WORK INSTRUCTIONS:
Wherever the word "package" shows up in the data, report the line it sits in.

DATA TO USE:
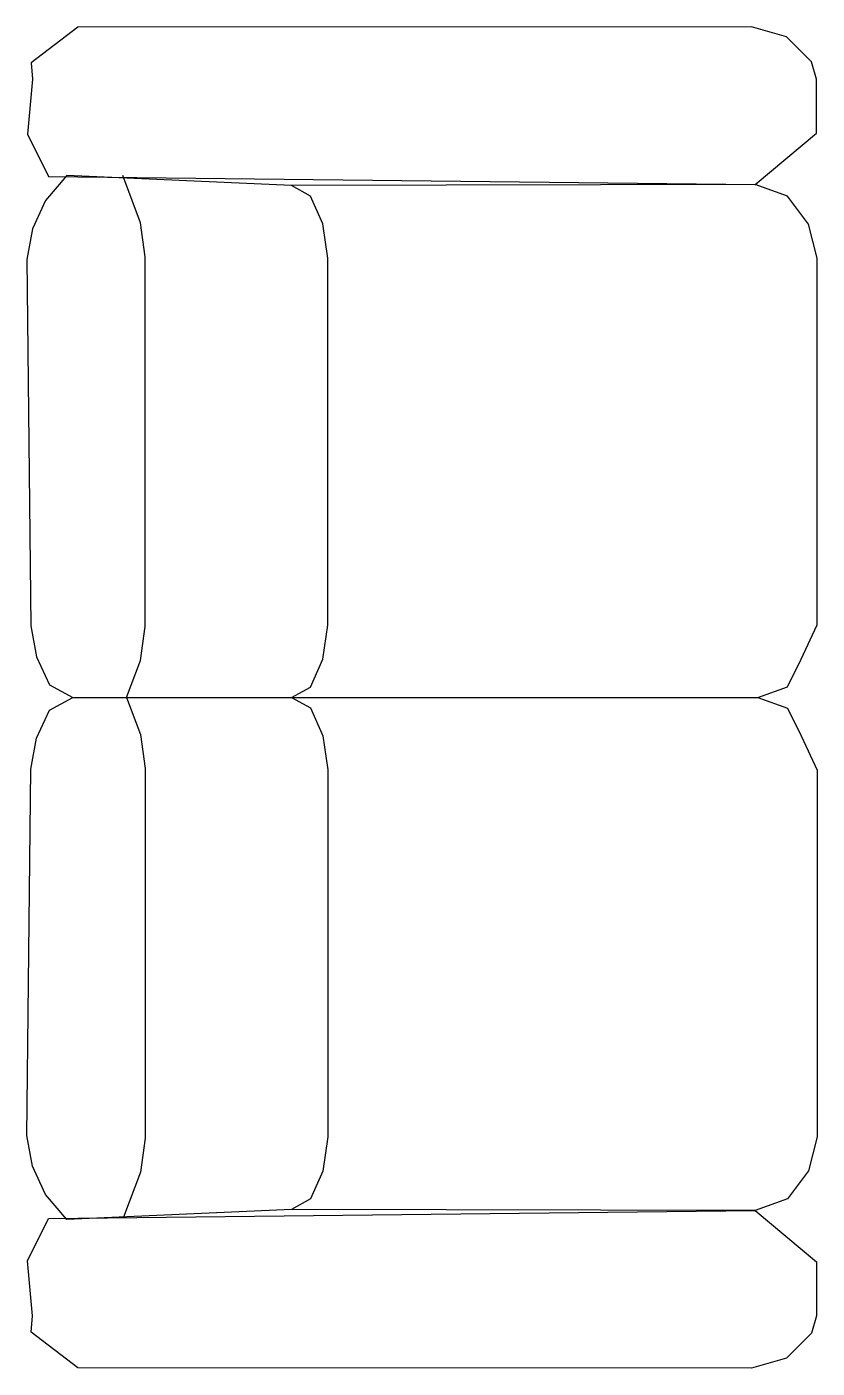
# Model space of a CAD drawing. Extents: x -0.9 to 0, y -0.76 to 0.76.
import ezdxf

# ---------------------------------------------------------------- set-up
doc = ezdxf.new("R2010")
doc.units = 0
doc.layers.get('0').update_dxf_attribs({"linetype": 'CONTINUOUS'})

msp = doc.modelspace()

# ---------------------------------------------------------------- linework, layer by layer
at = {"color": 0, "linetype": 'BYBLOCK'}
for points in [[(-0.8397, 0.7608), (-0.8926, 0.7203), (-0.8909, 0.7017), (-0.8966, 0.6393), (-0.8727, 0.5913), (-0.0705, 0.5822), (-0.0009, 0.6404), (-0.0009, 0.7017), (-0.0009, 0.7017), (-0.0065, 0.7214), (-0.035, 0.7495), (-0.0745, 0.761), (-0.8397, 0.7608)], [(-0.7842, 0), (-0.7683, 0.0421), (-0.7632, 0.0806), (-0.7632, 0.5001), (-0.7683, 0.5388), (-0.7886, 0.5925)], [(-0.5968, 0), (-0.0674, 0), (-0.0336, 0.0121), (-0.0182, 0.0436), (0, 0.0825), (0, 0.0825), (0, 0.4984), (-0.01, 0.5371), (-0.0336, 0.5687), (-0.0705, 0.5822), (-0.5971, 0.5809)], [(-0.7842, 0), (-0.7683, -0.0421), (-0.7632, -0.0806), (-0.7632, -0.5001), (-0.7683, -0.5388), (-0.7875, -0.5895)], [(-0.5968, 0), (-0.0674, 0), (-0.0336, -0.0121), (-0.0182, -0.0436), (0, -0.0825), (0, -0.0825), (0, -0.4984), (-0.01, -0.5371), (-0.0336, -0.5687), (-0.0705, -0.5822), (-0.5971, -0.5809)], [(-0.8397, -0.7608), (-0.8926, -0.7203), (-0.8909, -0.7017), (-0.8966, -0.6393), (-0.8727, -0.5913), (-0.0705, -0.5822), (-0.0009, -0.6404), (-0.0009, -0.7017), (-0.0009, -0.7017), (-0.0065, -0.7214), (-0.035, -0.7495), (-0.0745, -0.761), (-0.8397, -0.7608)]]:
    msp.add_lwpolyline(points, dxfattribs=at)
for points in [[(-0.5968, 0), (-0.5752, 0.0119), (-0.5615, 0.0436), (-0.5558, 0.0821), (-0.5558, 0.4986), (-0.5615, 0.5373), (-0.5752, 0.5689), (-0.5971, 0.5809), (-0.8522, 0.5924), (-0.8761, 0.5638), (-0.8909, 0.5319), (-0.8975, 0.4969), (-0.8929, 0.0812), (-0.8864, 0.0461), (-0.8716, 0.0142), (-0.8454, 0)], [(-0.5968, 0), (-0.5752, -0.0119), (-0.5615, -0.0436), (-0.5558, -0.0821), (-0.5558, -0.4986), (-0.5615, -0.5373), (-0.5752, -0.5689), (-0.5971, -0.5809), (-0.8522, -0.5924), (-0.8761, -0.5638), (-0.8909, -0.5319), (-0.8975, -0.4969), (-0.8929, -0.0812), (-0.8864, -0.0461), (-0.8716, -0.0142), (-0.8454, 0)]]:
    msp.add_lwpolyline(points, close=True, dxfattribs=at)

doc.saveas('drawing.dxf')
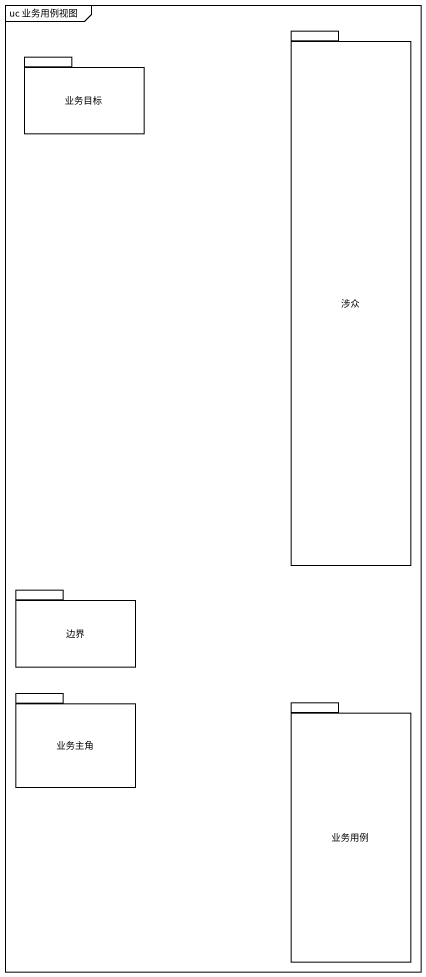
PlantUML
@startuml
mainframe uc 业务用例视图
package 涉众 {
}
package 业务目标 {
}
package 边界 {
}
package 业务主角 {
}
package 业务用例 {
}
@enduml
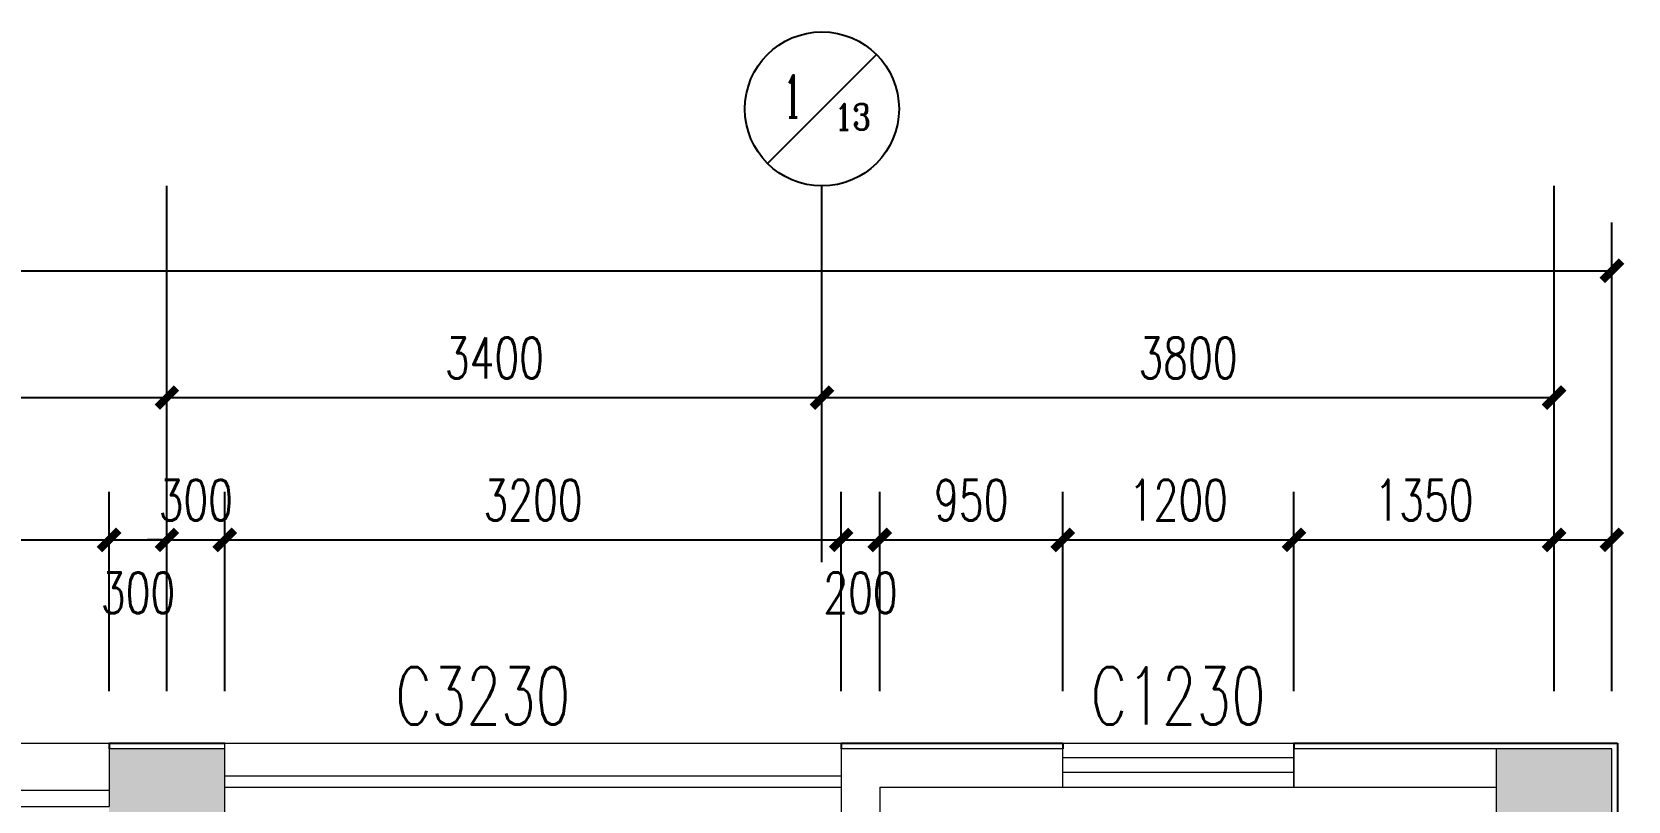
# Model space of a CAD drawing. Header units: millimetres. Extents: x 164760 to 3716174, y -1766400 to 11969.
# Drawn here: x 3569716 to 3578001, y -1697872 to -1693877 of the extents above; entities that cross this region are included whole.
import ezdxf
from ezdxf.enums import TextEntityAlignment as Align

# ---------------------------------------------------------------- set-up
doc = ezdxf.new("R2010")
doc.units = ezdxf.units.MM
doc.header["$LTSCALE"] = 1000
doc.layers.get('0').update_dxf_attribs({"color": 253, "linetype": 'CONTINUOUS'})
doc.layers.get('Defpoints').update_dxf_attribs({"color": 250, "linetype": 'CONTINUOUS', "lineweight": 0})
for name, color, linetype in [('AXIS', 253, 'CONTINUOUS'), ('AXIS_TEXT', 253, 'CONTINUOUS'), ('PUB_DIM', 253, 'CONTINUOUS'), ('SURFACE', 253, 'CONTINUOUS'), ('WINDOW_TEXT', 253, 'CONTINUOUS')]:
    doc.layers.add(name, color=color, linetype=linetype)
for name, color, linetype, lineweight in [('COLUMN', 253, 'CONTINUOUS', 0), ('PUB_HATCH', 253, 'CONTINUOUS', 0), ('WALL', 253, 'CONTINUOUS', 0), ('WINDOW', 253, 'CONTINUOUS', 0)]:
    doc.layers.add(name, color=color, linetype=linetype, lineweight=lineweight)
doc.styles.add('_TCH_AXIS', font='COMPLEX', dxfattribs={"bigfont": 'GBCBIG'})
doc.styles.add('_TCH_DIM_T3', font='SIMPLEX', dxfattribs={"width": 0.705882, "bigfont": 'GBCBIG'})
doc.styles.add('_TCH_WINDOW', font='SIMPLEX', dxfattribs={"bigfont": 'GBCBIG'})
doc.dimstyles.new('_TCH_ARCH&&100', dxfattribs={"dimtxt": 212.5, "dimasz": 100, "dimexe": 250, "dimexo": 300, "dimgap": 100, "dimtad": 1, "dimdec": 0, "dimzin": 0, "dimdsep": 46, "dimtxsty": '_TCH_DIM_T3', "dimblk": 'ARCHTICK', "dimcen": 0.09, "dimclrt": 7, "dimazin": 2, "dimtfac": 1, "dimtdec": 0, "dimtix": 1, "dimtmove": 2, "dimatfit": 3, "dimtolj": 1, "dimtzin": 0, "dimarcsym": 0})

# ---------------------------------------------------------------- blocks, each defined once
blk = doc.blocks.new('_ArchTick')
at = {"color": 2, "linetype": 'ByBlock', "const_width": 0.4}
blk.add_lwpolyline([(-0.5, -0.5), (0.5, 0.5)], dxfattribs=at)
blk = doc.blocks.new('*D590')
at = {"layer": 'AXIS', "color": 0, "lineweight": -2, "transparency": 16777216}
for p, q in [((3483716.8, -1696637.6), (3483716.8, -1694867.8)), ((3577916.8, -1696637.6), (3577916.8, -1694867.8)), ((3483716.8, -1695117.8), (3577916.8, -1695117.8))]:
    blk.add_line(p, q, dxfattribs=at)
at = {"layer": 'Defpoints', "color": 0, "transparency": 16777216}
for p in [(3577916.8, -1695117.8), (3483716.8, -1696937.6), (3577916.8, -1696937.6)]:
    blk.add_point(p, dxfattribs=at)
at = {"layer": 'AXIS', "color": 0, "lineweight": -2, "transparency": 16777216, "xscale": 100, "yscale": 100, "zscale": 100, "rotation": 180}
blk.add_blockref('_ArchTick', (3483716.8, -1695117.8), dxfattribs=at)
at = {"layer": 'AXIS', "color": 0, "lineweight": -2, "transparency": 16777216, "xscale": 100, "yscale": 100, "zscale": 100}
blk.add_blockref('_ArchTick', (3577916.8, -1695117.8), dxfattribs=at)
at = {"layer": 'AXIS', "color": 7, "transparency": 16777216, "insert": (3530816.8, -1694911.5), "char_height": 212.5, "attachment_point": 5, "style": '_TCH_DIM_T3'}
blk.add_mtext('\\A1;94200', dxfattribs=at)
blk = doc.blocks.new('*D430')
at = {"layer": 'Defpoints', "color": 0, "transparency": 16777216}
for p in [(3570116.8, -1696515.6), (3566916.8, -1697600.6), (3570116.8, -1697600.6)]:
    blk.add_point(p, dxfattribs=at)
at = {"layer": 'PUB_DIM', "color": 0, "lineweight": -2, "transparency": 16777216}
for p, q in [((3566916.8, -1697300.6), (3566916.8, -1696265.6)), ((3570116.8, -1697300.6), (3570116.8, -1696265.6)), ((3566916.8, -1696515.6), (3570116.8, -1696515.6))]:
    blk.add_line(p, q, dxfattribs=at)
at = {"layer": 'PUB_DIM', "color": 0, "lineweight": -2, "transparency": 16777216, "xscale": 100, "yscale": 100, "zscale": 100, "rotation": 180}
blk.add_blockref('_ArchTick', (3566916.8, -1696515.6), dxfattribs=at)
at = {"layer": 'PUB_DIM', "color": 0, "lineweight": -2, "transparency": 16777216, "xscale": 100, "yscale": 100, "zscale": 100}
blk.add_blockref('_ArchTick', (3570116.8, -1696515.6), dxfattribs=at)
at = {"layer": 'PUB_DIM', "color": 7, "transparency": 16777216, "insert": (3568516.8, -1696309.3), "char_height": 212.5, "attachment_point": 5, "style": '_TCH_DIM_T3'}
blk.add_mtext('\\A1;3200', dxfattribs=at)
blk = doc.blocks.new('*D431')
at = {"layer": 'Defpoints', "color": 0, "transparency": 16777216}
for p in [(3570416.8, -1696515.6), (3570116.8, -1697600.6), (3570416.8, -1697600.6)]:
    blk.add_point(p, dxfattribs=at)
at = {"layer": 'PUB_DIM', "color": 0, "lineweight": -2, "transparency": 16777216}
for p, q in [((3570116.8, -1697300.6), (3570116.8, -1696265.6)), ((3570416.8, -1697300.6), (3570416.8, -1696265.6)), ((3570116.8, -1696515.6), (3570416.8, -1696515.6))]:
    blk.add_line(p, q, dxfattribs=at)
at = {"layer": 'PUB_DIM', "color": 0, "lineweight": -2, "transparency": 16777216, "xscale": 100, "yscale": 100, "zscale": 100, "rotation": 180}
blk.add_blockref('_ArchTick', (3570116.8, -1696515.6), dxfattribs=at)
at = {"layer": 'PUB_DIM', "color": 0, "lineweight": -2, "transparency": 16777216, "xscale": 100, "yscale": 100, "zscale": 100}
blk.add_blockref('_ArchTick', (3570416.8, -1696515.6), dxfattribs=at)
at = {"layer": 'PUB_DIM', "color": 7, "transparency": 16777216, "insert": (3570266.8, -1696790.6), "char_height": 212.5, "attachment_point": 5, "style": '_TCH_DIM_T3'}
blk.add_mtext('\\A1;300', dxfattribs=at)
blk = doc.blocks.new('*D432')
at = {"layer": 'Defpoints', "color": 0, "transparency": 16777216}
for p in [(3570716.8, -1696515.6), (3570416.8, -1697600.6), (3570716.8, -1697600.6)]:
    blk.add_point(p, dxfattribs=at)
at = {"layer": 'PUB_DIM', "color": 0, "lineweight": -2, "transparency": 16777216}
for p, q in [((3570416.8, -1697300.6), (3570416.8, -1696265.6)), ((3570716.8, -1697300.6), (3570716.8, -1696265.6)), ((3570416.8, -1696515.6), (3570316.8, -1696515.6)), ((3570416.8, -1696515.6), (3570716.8, -1696515.6)), ((3570716.8, -1696515.6), (3570816.8, -1696515.6))]:
    blk.add_line(p, q, dxfattribs=at)
at = {"layer": 'PUB_DIM', "color": 0, "lineweight": -2, "transparency": 16777216, "xscale": 100, "yscale": 100, "zscale": 100}
blk.add_blockref('_ArchTick', (3570416.8, -1696515.6), dxfattribs=at)
at = {"layer": 'PUB_DIM', "color": 0, "lineweight": -2, "transparency": 16777216, "xscale": 100, "yscale": 100, "zscale": 100, "rotation": 180}
blk.add_blockref('_ArchTick', (3570716.8, -1696515.6), dxfattribs=at)
at = {"layer": 'PUB_DIM', "color": 7, "transparency": 16777216, "insert": (3570566.8, -1696309.3), "char_height": 212.5, "attachment_point": 5, "style": '_TCH_DIM_T3'}
blk.add_mtext('\\A1;300', dxfattribs=at)
blk = doc.blocks.new('*D433')
at = {"layer": 'Defpoints', "color": 0, "transparency": 16777216}
for p in [(3573916.8, -1696515.6), (3570716.8, -1697600.6), (3573916.8, -1697600.6)]:
    blk.add_point(p, dxfattribs=at)
at = {"layer": 'PUB_DIM', "color": 0, "lineweight": -2, "transparency": 16777216}
for p, q in [((3570716.8, -1697300.6), (3570716.8, -1696265.6)), ((3573916.8, -1697300.6), (3573916.8, -1696265.6)), ((3570716.8, -1696515.6), (3573916.8, -1696515.6))]:
    blk.add_line(p, q, dxfattribs=at)
at = {"layer": 'PUB_DIM', "color": 0, "lineweight": -2, "transparency": 16777216, "xscale": 100, "yscale": 100, "zscale": 100, "rotation": 180}
blk.add_blockref('_ArchTick', (3570716.8, -1696515.6), dxfattribs=at)
at = {"layer": 'PUB_DIM', "color": 0, "lineweight": -2, "transparency": 16777216, "xscale": 100, "yscale": 100, "zscale": 100}
blk.add_blockref('_ArchTick', (3573916.8, -1696515.6), dxfattribs=at)
at = {"layer": 'PUB_DIM', "color": 7, "transparency": 16777216, "insert": (3572316.8, -1696309.3), "char_height": 212.5, "attachment_point": 5, "style": '_TCH_DIM_T3'}
blk.add_mtext('\\A1;3200', dxfattribs=at)
blk = doc.blocks.new('*D434')
at = {"layer": 'Defpoints', "color": 0, "transparency": 16777216}
for p in [(3574116.8, -1696515.6), (3573916.8, -1697600.6), (3574116.8, -1697600.6)]:
    blk.add_point(p, dxfattribs=at)
at = {"layer": 'PUB_DIM', "color": 0, "lineweight": -2, "transparency": 16777216}
for p, q in [((3573916.8, -1697300.6), (3573916.8, -1696265.6)), ((3574116.8, -1697300.6), (3574116.8, -1696265.6)), ((3573916.8, -1696515.6), (3574116.8, -1696515.6))]:
    blk.add_line(p, q, dxfattribs=at)
at = {"layer": 'PUB_DIM', "color": 0, "lineweight": -2, "transparency": 16777216, "xscale": 100, "yscale": 100, "zscale": 100, "rotation": 180}
blk.add_blockref('_ArchTick', (3573916.8, -1696515.6), dxfattribs=at)
at = {"layer": 'PUB_DIM', "color": 0, "lineweight": -2, "transparency": 16777216, "xscale": 100, "yscale": 100, "zscale": 100}
blk.add_blockref('_ArchTick', (3574116.8, -1696515.6), dxfattribs=at)
at = {"layer": 'PUB_DIM', "color": 7, "transparency": 16777216, "insert": (3574016.8, -1696790.6), "char_height": 212.5, "attachment_point": 5, "style": '_TCH_DIM_T3'}
blk.add_mtext('\\A1;200', dxfattribs=at)
blk = doc.blocks.new('*D435')
at = {"layer": 'Defpoints', "color": 0, "transparency": 16777216}
for p in [(3575066.8, -1696515.6), (3574116.8, -1697600.6), (3575066.8, -1697600.6)]:
    blk.add_point(p, dxfattribs=at)
at = {"layer": 'PUB_DIM', "color": 0, "lineweight": -2, "transparency": 16777216}
for p, q in [((3574116.8, -1697300.6), (3574116.8, -1696265.6)), ((3575066.8, -1697300.6), (3575066.8, -1696265.6)), ((3574116.8, -1696515.6), (3575066.8, -1696515.6))]:
    blk.add_line(p, q, dxfattribs=at)
at = {"layer": 'PUB_DIM', "color": 0, "lineweight": -2, "transparency": 16777216, "xscale": 100, "yscale": 100, "zscale": 100, "rotation": 180}
blk.add_blockref('_ArchTick', (3574116.8, -1696515.6), dxfattribs=at)
at = {"layer": 'PUB_DIM', "color": 0, "lineweight": -2, "transparency": 16777216, "xscale": 100, "yscale": 100, "zscale": 100}
blk.add_blockref('_ArchTick', (3575066.8, -1696515.6), dxfattribs=at)
at = {"layer": 'PUB_DIM', "color": 7, "transparency": 16777216, "insert": (3574591.8, -1696309.3), "char_height": 212.5, "attachment_point": 5, "style": '_TCH_DIM_T3'}
blk.add_mtext('\\A1;950', dxfattribs=at)
blk = doc.blocks.new('*D436')
at = {"layer": 'Defpoints', "color": 0, "transparency": 16777216}
for p in [(3576266.8, -1696515.6), (3575066.8, -1697600.6), (3576266.8, -1697600.6)]:
    blk.add_point(p, dxfattribs=at)
at = {"layer": 'PUB_DIM', "color": 0, "lineweight": -2, "transparency": 16777216}
for p, q in [((3575066.8, -1697300.6), (3575066.8, -1696265.6)), ((3576266.8, -1697300.6), (3576266.8, -1696265.6)), ((3575066.8, -1696515.6), (3576266.8, -1696515.6))]:
    blk.add_line(p, q, dxfattribs=at)
at = {"layer": 'PUB_DIM', "color": 0, "lineweight": -2, "transparency": 16777216, "xscale": 100, "yscale": 100, "zscale": 100, "rotation": 180}
blk.add_blockref('_ArchTick', (3575066.8, -1696515.6), dxfattribs=at)
at = {"layer": 'PUB_DIM', "color": 0, "lineweight": -2, "transparency": 16777216, "xscale": 100, "yscale": 100, "zscale": 100}
blk.add_blockref('_ArchTick', (3576266.8, -1696515.6), dxfattribs=at)
at = {"layer": 'PUB_DIM', "color": 7, "transparency": 16777216, "insert": (3575666.8, -1696309.3), "char_height": 212.5, "attachment_point": 5, "style": '_TCH_DIM_T3'}
blk.add_mtext('\\A1;1200', dxfattribs=at)
blk = doc.blocks.new('*D437')
at = {"layer": 'Defpoints', "color": 0, "transparency": 16777216}
for p in [(3577616.8, -1696515.6), (3576266.8, -1697600.6), (3577616.8, -1697600.6)]:
    blk.add_point(p, dxfattribs=at)
at = {"layer": 'PUB_DIM', "color": 0, "lineweight": -2, "transparency": 16777216}
for p, q in [((3576266.8, -1697300.6), (3576266.8, -1696265.6)), ((3577616.8, -1697300.6), (3577616.8, -1696265.6)), ((3576266.8, -1696515.6), (3577616.8, -1696515.6))]:
    blk.add_line(p, q, dxfattribs=at)
at = {"layer": 'PUB_DIM', "color": 0, "lineweight": -2, "transparency": 16777216, "xscale": 100, "yscale": 100, "zscale": 100, "rotation": 180}
blk.add_blockref('_ArchTick', (3576266.8, -1696515.6), dxfattribs=at)
at = {"layer": 'PUB_DIM', "color": 0, "lineweight": -2, "transparency": 16777216, "xscale": 100, "yscale": 100, "zscale": 100}
blk.add_blockref('_ArchTick', (3577616.8, -1696515.6), dxfattribs=at)
at = {"layer": 'PUB_DIM', "color": 7, "transparency": 16777216, "insert": (3576941.8, -1696309.3), "char_height": 212.5, "attachment_point": 5, "style": '_TCH_DIM_T3'}
blk.add_mtext('\\A1;1350', dxfattribs=at)
blk = doc.blocks.new('*D438')
at = {"layer": 'Defpoints', "color": 0, "transparency": 16777216}
for p in [(3577916.8, -1696515.6), (3577616.8, -1697600.6), (3577916.8, -1697600.6)]:
    blk.add_point(p, dxfattribs=at)
at = {"layer": 'PUB_DIM', "color": 0, "lineweight": -2, "transparency": 16777216}
for p, q in [((3577616.8, -1697300.6), (3577616.8, -1696265.6)), ((3577916.8, -1697300.6), (3577916.8, -1696265.6)), ((3577616.8, -1696515.6), (3577916.8, -1696515.6))]:
    blk.add_line(p, q, dxfattribs=at)
at = {"layer": 'PUB_DIM', "color": 0, "lineweight": -2, "transparency": 16777216, "xscale": 100, "yscale": 100, "zscale": 100, "rotation": 180}
blk.add_blockref('_ArchTick', (3577616.8, -1696515.6), dxfattribs=at)
at = {"layer": 'PUB_DIM', "color": 0, "lineweight": -2, "transparency": 16777216, "xscale": 100, "yscale": 100, "zscale": 100}
blk.add_blockref('_ArchTick', (3577916.8, -1696515.6), dxfattribs=at)
at = {"layer": 'PUB_DIM', "color": 7, "transparency": 16777216, "insert": (3578286.8, -1696170.6), "char_height": 212.5, "attachment_point": 5, "style": '_TCH_DIM_T3'}
blk.add_mtext('\\A1;300', dxfattribs=at)
blk = doc.blocks.new('*D439')
at = {"layer": 'AXIS', "color": 0, "lineweight": -2, "transparency": 16777216}
for p, q in [((3573816.8, -1696632), (3573816.8, -1695526.7)), ((3577616.8, -1696632), (3577616.8, -1695526.7)), ((3573816.8, -1695776.7), (3577616.8, -1695776.7))]:
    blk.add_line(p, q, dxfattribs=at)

RESPONSE TO THIS EXERCISE:
package 涉众 {
package 业务目标 {
package 边界 {
package 业务主角 {
package 业务用例 {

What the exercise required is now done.